Pretty much since watching the Horns take out hated Oklahoma when he was in junior high, Duke had his mind set on going to Texas. Staubach, always the scrambler, naturally took a more circuitous route to Navy. While dominating games in suburban Cincinnati, Staubach was heavily recruited. Ohio State was all over him, but Roger thought Columbus "too worldly." Notre Dame blew its chance by briefly withdrawing its scholarship offer. He loved the idea of the Naval Academy, but his math wasn't good enough.
So Roger trundled off to Roswell, N.M., for a year of junior college at the New Mexico Military Institute. Area 51 wasn't exactly a football mecca, but Staubach learned enough calculus there to qualify for admittance to the academy in 1961. Midway through the '62 season, he took over the starting QB job and never gave it up. Carlisle started as a safety before getting some time at QB as a junior. By '63, he was ready to take over as full-time starter.
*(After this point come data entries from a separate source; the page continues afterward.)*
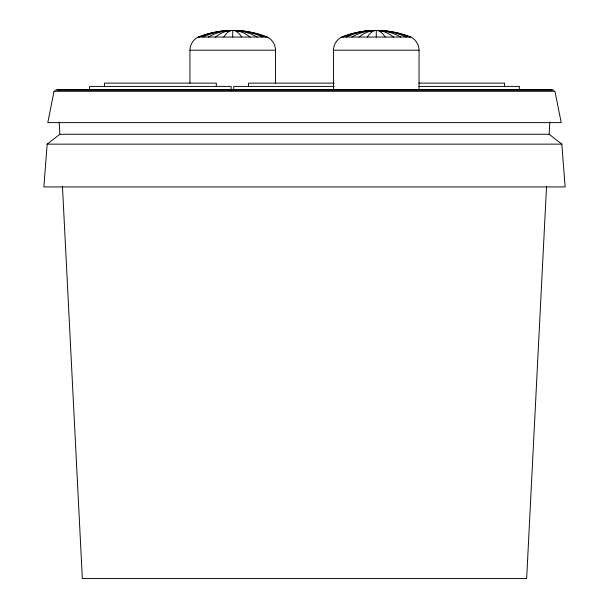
<?xml version="1.0" encoding="UTF-8"?>
<svg xmlns="http://www.w3.org/2000/svg" width="609" height="609" viewBox="0 0 609 609"><rect width="100%" height="100%" fill="white"/><g stroke="black" fill="none" stroke-linecap="round" stroke-linejoin="round"><path stroke-width="0.91" d="M546.524 186.674L526.663 578.55L82.337 578.55L62.476 186.674M549.173 134.269L59.827 134.269L47.159 144.143L43.871 186.933L565.129 186.933L561.841 144.143L549.173 134.269L549.798 122.044M189.947 83.121L189.947 50.204C189.955 44.716 193.243 39.456 198.176 37.042L267.29 37.042C272.223 39.456 275.512 44.716 275.519 50.204L275.519 83.121M333.481 89.706L333.481 50.204C333.488 44.716 336.777 39.456 341.71 37.042L410.824 37.042C415.757 39.456 419.045 44.716 419.053 50.204L419.053 89.706M189.947 50.204L275.519 50.204M333.481 50.204L419.053 50.204M334.257 83.121L248.548 83.121L248.548 86.409M418.863 83.121L504.572 83.121L504.572 86.409M334.257 86.409L233.734 86.409L233.734 90.124M418.863 86.409L519.386 86.409L519.386 90.124M56.835 89.706L552.165 89.706M55.183 90.14L553.817 90.14M47.159 144.143L561.841 144.143M59.202 122.044L59.827 134.269M376.271 37.042L376.271 30.45A93.885 90.688 -90 0 0 342.89 37.042M232.729 37.042L232.729 30.45A93.885 90.688 -90 0 1 266.11 37.042M231.138 90.124L231.138 86.409L89.614 86.409L89.614 90.124M216.332 86.409L216.332 83.121L104.428 83.121L104.428 86.409M346.338 37.042A93.885 81.309 90 0 1 386.456 31.188M388.984 31.607A93.885 81.309 90 0 1 390.666 31.934M343.643 36.738A93.885 90.688 90 0 1 347.473 35.307M348.249 35.048A93.885 90.688 90 0 1 353.715 33.396M354.636 33.16A93.885 90.688 90 0 1 359.28 32.11M360.208 31.934A93.885 90.688 90 0 1 409.651 37.042M341.71 37.042A93.885 93.885 0 0 1 410.824 37.042M373.317 30.633A93.885 46.939 -90 0 1 393.543 37.042M367.326 37.042A93.885 24.299 -90 0 1 385.208 37.042M406.195 37.042A93.885 81.309 -90 0 0 376.271 30.45A93.885 46.939 90 0 0 358.99 37.042M351.827 37.042A93.885 66.389 -90 0 1 400.707 37.042M202.805 37.042A93.885 81.309 90 0 1 242.922 31.188M245.45 31.607A93.885 81.309 90 0 1 247.132 31.934M198.176 37.042A93.885 93.885 0 0 1 267.29 37.042M229.783 30.633A93.885 46.939 -90 0 1 250.01 37.042M223.792 37.042A93.885 24.299 -90 0 1 241.674 37.042M222.544 31.188A93.885 81.309 -90 0 1 262.662 37.042M218.334 31.934A93.885 81.309 -90 0 1 220.016 31.607M208.293 37.042A93.885 66.389 -90 0 1 257.173 37.042M199.349 37.042A93.885 90.688 90 0 1 232.729 30.45A93.885 46.939 90 0 0 215.457 37.042M54.049 91.281L47.784 122.615L561.216 122.615L554.951 91.281L54.049 91.281"/></g></svg>
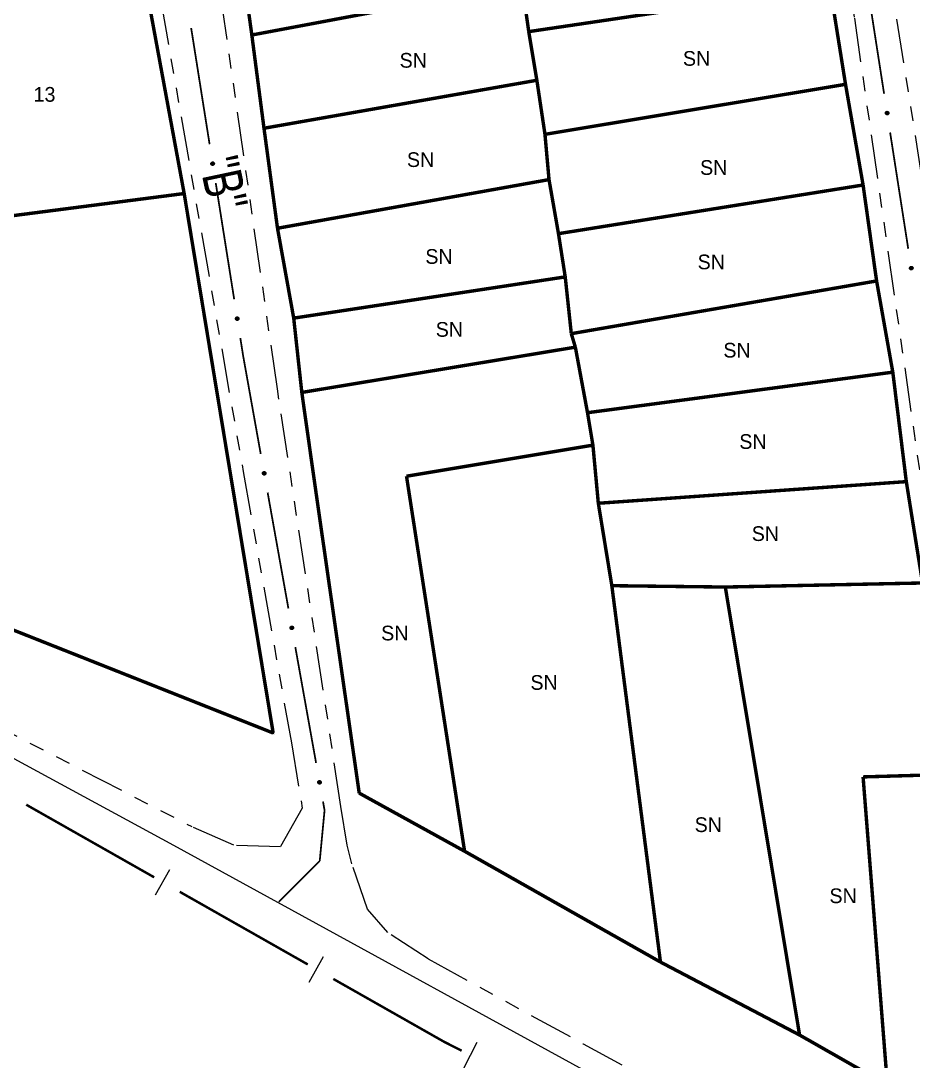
# Model space of a CAD drawing. Extents: x 205807 to 207855, y 4874692 to 4876446.
# Drawn here: x 206120.2 to 206211.2, y 4875083.5 to 4875189.6 of the extents above; entities that cross this region are included whole.
import ezdxf
from ezdxf.enums import TextEntityAlignment as Align

# ---------------------------------------------------------------- set-up
doc = ezdxf.new("R2010")
doc.units = 0
doc.header["$LTSCALE"] = 1.5
doc.header["$MEASUREMENT"] = 0
doc.linetypes.add('TRACO_25', pattern=[8, 3, -1, 1, -1, 1, -1])
for name, color, linetype in [('CD_MALHA_LOTES', 7, 'CONTINUOUS'), ('LM-LIM-SETORES-BAIRROS', 250, 'CONTINUOUS'), ('RU-QUADRA', 210, 'CONTINUOUS'), ('SV-EIXO-RUA-N-PAV', 6, 'CONTINUOUS'), ('SV-FX-DOM-EST', 20, 'CONTINUOUS'), ('SV-ROD-ESTADUAIS', 20, 'CONTINUOUS'), ('SV-RUA-NAO-PAV', 7, 'CONTINUOUS'), ('SV-TXT-RUA-N-PAV', 7, 'CONTINUOUS'), ('Th_NmrPort', 1, 'CONTINUOUS')]:
    doc.layers.add(name, color=color, linetype=linetype)
doc.styles.add('ARIAL', font='ARIAL.SHX')

msp = doc.modelspace()

# ---------------------------------------------------------------- linework, layer by layer
at = {"layer": 'CD_MALHA_LOTES', "linetype": 'Continuous', "const_width": 0.35, "flags": 128}
for points in [[(206131.330514, 4875201.720131), (206136.822018, 4875171.974481)], [(206143.721819, 4875188.13372), (206142.344299, 4875198.051865)], [(206143.721819, 4875188.13372), (206171.272222, 4875193.29942)], [(206171.960982, 4875188.4781), (206171.272222, 4875193.29942)], [(206171.960982, 4875188.4781), (206202.679681, 4875193.023916)], [(206202.679681, 4875193.023916), (206204.263829, 4875183.105772)], [(206144.961587, 4875178.628831), (206143.721819, 4875188.13372)], [(206172.787494, 4875183.519028), (206171.960982, 4875188.4781)], [(206144.961587, 4875178.628831), (206172.787494, 4875183.519028)], [(206173.614006, 4875178.008947), (206172.787494, 4875183.519028)], [(206173.614006, 4875178.008947), (206204.263829, 4875183.105772)], [(206204.263829, 4875183.105772), (206206.054605, 4875172.843247)], [(206146.339107, 4875168.435182), (206144.961587, 4875178.628831)], [(206174.027262, 4875173.394255), (206173.614006, 4875178.008947)], [(206146.339107, 4875168.435182), (206174.027262, 4875173.394255)], [(206174.991526, 4875167.884174), (206174.027262, 4875173.394255)], [(206136.822018, 4875171.974481), (206106.122981, 4875168.008394)], [(206136.822018, 4875171.974481), (206145.898255, 4875116.983162)], [(206174.991526, 4875167.884174), (206206.054605, 4875172.843247)], [(206206.054605, 4875172.843247), (206207.432125, 4875163.062854)], [(206147.992131, 4875159.274673), (206146.339107, 4875168.435182)], [(206175.680286, 4875163.47611), (206174.991526, 4875167.884174)], [(206147.992131, 4875159.274673), (206175.680286, 4875163.47611)], [(206176.30017, 4875157.690525), (206175.680286, 4875163.47611)], [(206176.30017, 4875157.690525), (206207.432125, 4875163.062854)], [(206207.432125, 4875163.062854), (206209.085149, 4875153.764593)], [(206148.818643, 4875151.698312), (206147.992131, 4875159.274673)], [(206176.713426, 4875156.313005), (206176.30017, 4875157.690525)], [(206148.818643, 4875151.698312), (206176.713426, 4875156.313005)], [(206177.953194, 4875149.632032), (206176.713426, 4875156.313005)], [(206177.953194, 4875149.632032), (206209.085149, 4875153.764593)], [(206209.085149, 4875153.764593), (206210.462669, 4875142.60668)], [(206150.265039, 4875141.504663), (206148.818643, 4875151.698312)], [(206178.504202, 4875146.325984), (206177.953194, 4875149.632032)], [(206159.494424, 4875143.157688), (206178.504202, 4875146.325984)], [(206179.05521, 4875140.402647), (206178.504202, 4875146.325984)], [(206165.417761, 4875104.931504), (206159.494424, 4875143.157688)], [(206145.898255, 4875116.983162), (206081.106127, 4875142.64832)], [(206179.05521, 4875140.402647), (206210.462669, 4875142.60668)], [(206210.462669, 4875142.60668), (206212.115694, 4875132.275279)], [(206154.673104, 4875110.85484), (206150.265039, 4875141.504663)], [(206180.43273, 4875131.999775), (206179.05521, 4875140.402647)], [(206185.391803, 4875093.635839), (206180.43273, 4875131.999775)], [(206180.43273, 4875131.999775), (206192.0039, 4875131.862023)], [(206192.0039, 4875131.862023), (206212.115694, 4875132.275279)], [(206199.58026, 4875086.19723), (206192.0039, 4875131.862023)], [(206206.054605, 4875112.507865), (206215.559494, 4875112.783369)], [(206208.534141, 4875081.100406), (206206.054605, 4875112.507865)], [(206165.417761, 4875104.931504), (206154.673104, 4875110.85484)], [(206185.391803, 4875093.635839), (206165.417761, 4875104.931504)], [(206199.58026, 4875086.19723), (206185.391803, 4875093.635839)], [(206208.534141, 4875081.100406), (206199.58026, 4875086.19723)]]:
    msp.add_lwpolyline(points, dxfattribs=at)
at = {"layer": 'LM-LIM-SETORES-BAIRROS', "const_width": 0.25}
for points in [[(206120.718219, 4875109.674085), (206133.765796, 4875102.274035)], [(206136.375311, 4875100.794025), (206149.422888, 4875093.393974)], [(206152.032404, 4875091.913964), (206163.340303, 4875085.500588)], [(206163.340303, 4875085.500588), (206163.341765, 4875085.499759)], [(206163.341765, 4875085.499759), (206165.123611, 4875084.595156)]]:
    msp.add_lwpolyline(points, dxfattribs=at)
at = {"layer": 'LM-LIM-SETORES-BAIRROS'}
for points in [[(206133.89563, 4875100.47594), (206135.37564, 4875103.085456)], [(206149.552722, 4875091.59588), (206151.032732, 4875094.205396)], [(206165.33626, 4875082.804966), (206166.694306, 4875085.479982)]]:
    msp.add_lwpolyline(points, dxfattribs=at)
at = {"layer": 'RU-QUADRA', "linetype": 'Continuous', "const_width": 0.18, "flags": 128}
msp.add_lwpolyline([(206059.635868, 4875266.169041), (206065.890082, 4875228.872571), (206072.601921, 4875189.593058), (206074.432423, 4875179.296487), (206076.377331, 4875168.084665), (206081.106127, 4875142.64832), (206145.898255, 4875116.983162), (206136.822018, 4875171.974481), (206131.330514, 4875201.720131), (206129.500012, 4875211.482806), (206126.296634, 4875230.703073), (206124.771216, 4875240.542019), (206115.923792, 4875291.033354), (206088.008643, 4875278.677468), (206078.703593, 4875274.55884)], close=True, dxfattribs=at)
for points in [[(206208.534141, 4875081.100406), (206199.58026, 4875086.19723), (206185.391803, 4875093.635839), (206165.417761, 4875104.931504), (206154.673104, 4875110.85484), (206150.265039, 4875141.504663), (206148.818643, 4875151.698312), (206147.992131, 4875159.274673), (206146.339107, 4875168.435182), (206144.961587, 4875178.628831), (206143.721819, 4875188.13372), (206142.344299, 4875198.051865)], [(206202.679681, 4875193.023916), (206204.263829, 4875183.105772), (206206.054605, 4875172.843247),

Both men were superb athletes. Staubach was a standout on the Navy baseball team, and he once shut down Army's top scorer in a basketball game. Carlisle was speedy, maybe even faster in a straight line than Staubach. Longtime Texas writer Mike Shropshire recalls that Carlisle once outraced in a 100-meter dash a couple of high school teammates who would later play in the backfield at TCU. So what? Duke had hurdles in his lane.
And both were tormented away from the field, Roger by members of his 16th Company eager to enforce discipline, especially during his plebe, or freshman, year; Duke by sadistic Longhorn trainer Frank Medina, who would have his charges run up the stadium steps -- 78 in all -- in sets of 20. ("It was about a week before I could step off a curb," says Phil Harris, the star sophomore end on the '63 team.) "This isn't punishment, it's part of your education!" Medina would scream, usually as an unfortunate player was revisiting his breakfast.
Duke was loose, laconic. His center, future Texas coach David McWilliams, credits Carlisle with making him understand that not all players had to get wound up tight before games. In contrast, wrote Los Angeles Times columnist Jim Murray, Jolly Roger "made Pat Boone look kinky."
Beyond the earth-changing events happening in the real world, 1963 was also a time of myriad beginnings and endings in college football. For the first time, a school openly pushed one of its players for the Heisman Trophy. In this era of marketing campaigns, it is refreshing to recall that idyllic time before Navy sports information director Budd Thalman. "Someone called me 'the Father of Heisman Hype,' and I've been trying to live it down ever since," says Thalman, who in '63 was merely dipping a toe into the waters of a five-decade association with college and pro football. Thalman was awed by Staubach, especially his incredible performance against Army in 1962, when he threw for a pair of TDs and ran for two more in a 34-14 pasting of the Cadets. Thalman put together a "modest" four-page brochure, with stats and quotes from vanquished enemy coaches, and slipped one into every press-release envelope he sent out.
One summer day, Navy's red- (and hot-) headed coach, Wayne Hardin, sidled up to Thalman and suggested he add a weekly trip to the New York Football Writer's luncheon to his duties. So Thalman hopped on a train every Monday morning, passed out his Jolly Roger propaganda and was back in Annapolis, Md., in time for dinner. One writer for The New York Times christened Thalman the "Official Promulgator of Staubachian Statistics." Perhaps it was meant condescendingly, but the strategy would pay off at another New York City get-together in December, at the Downtown Athletic Club.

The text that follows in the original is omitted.